◆ **Instructions to follow**:
Repeat the records below exactly. Omit the pictures.

━━ Raw data ━━

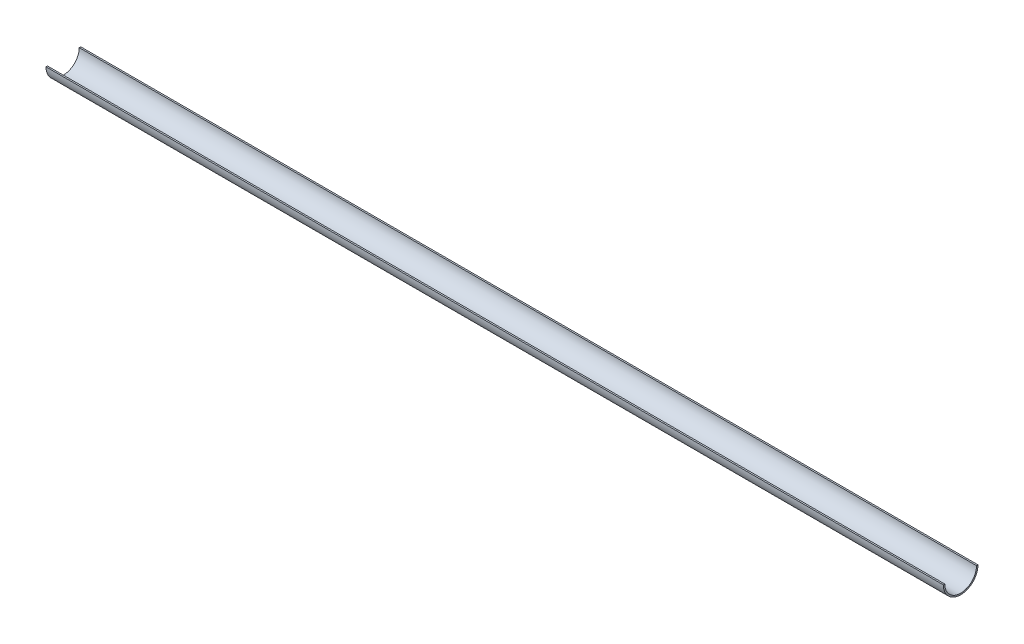
SolidWorks part; units mm, degrees
ref_plane "Спереди" through (0, 0, 0) normal (0, 0, 1) x (1, 0, 0)
ref_plane "Сверху" through (0, 0, 0) normal (0, 1, 0) x (1, 0, 0)
ref_plane "Справа" through (0, 0, 0) normal (1, 0, 0) x (0, 0, -1)
sketch "Эскиз1" plane through (0, 0, 0) normal (1, 0, 0) x (0, 0, -1)
  line L0 (119.2534, 0) -> (109.1865, 0)
  line L1 (-109.1865, 0) -> (-119.2534, 0)
  arc A0 (-119.2534, 0) -> (119.2534, 0) centre (0, 0) ccw
  arc A1 (-109.1865, 0) -> (109.1865, 0) centre (0, 0) ccw
extrude "Бобышка-Вытянуть1" add sketch "Эскиз1" along normal blind 6170

━━━

◆ **Your solution**:
SolidWorks part; units mm, degrees
ref_plane "Спереди" through (0, 0, 0) normal (0, 0, 1) x (1, 0, 0)
ref_plane "Сверху" through (0, 0, 0) normal (0, 1, 0) x (1, 0, 0)
ref_plane "Справа" through (0, 0, 0) normal (1, 0, 0) x (0, 0, -1)
sketch "Эскиз1" plane through (0, 0, 0) normal (1, 0, 0) x (0, 0, -1)
  line L0 (119.2534, 0) -> (109.1865, 0)
  line L1 (-109.1865, 0) -> (-119.2534, 0)
  arc A0 (-119.2534, 0) -> (119.2534, 0) centre (0, 0) ccw
  arc A1 (-109.1865, 0) -> (109.1865, 0) centre (0, 0) ccw
extrude "Бобышка-Вытянуть1" add sketch "Эскиз1" along normal blind 6170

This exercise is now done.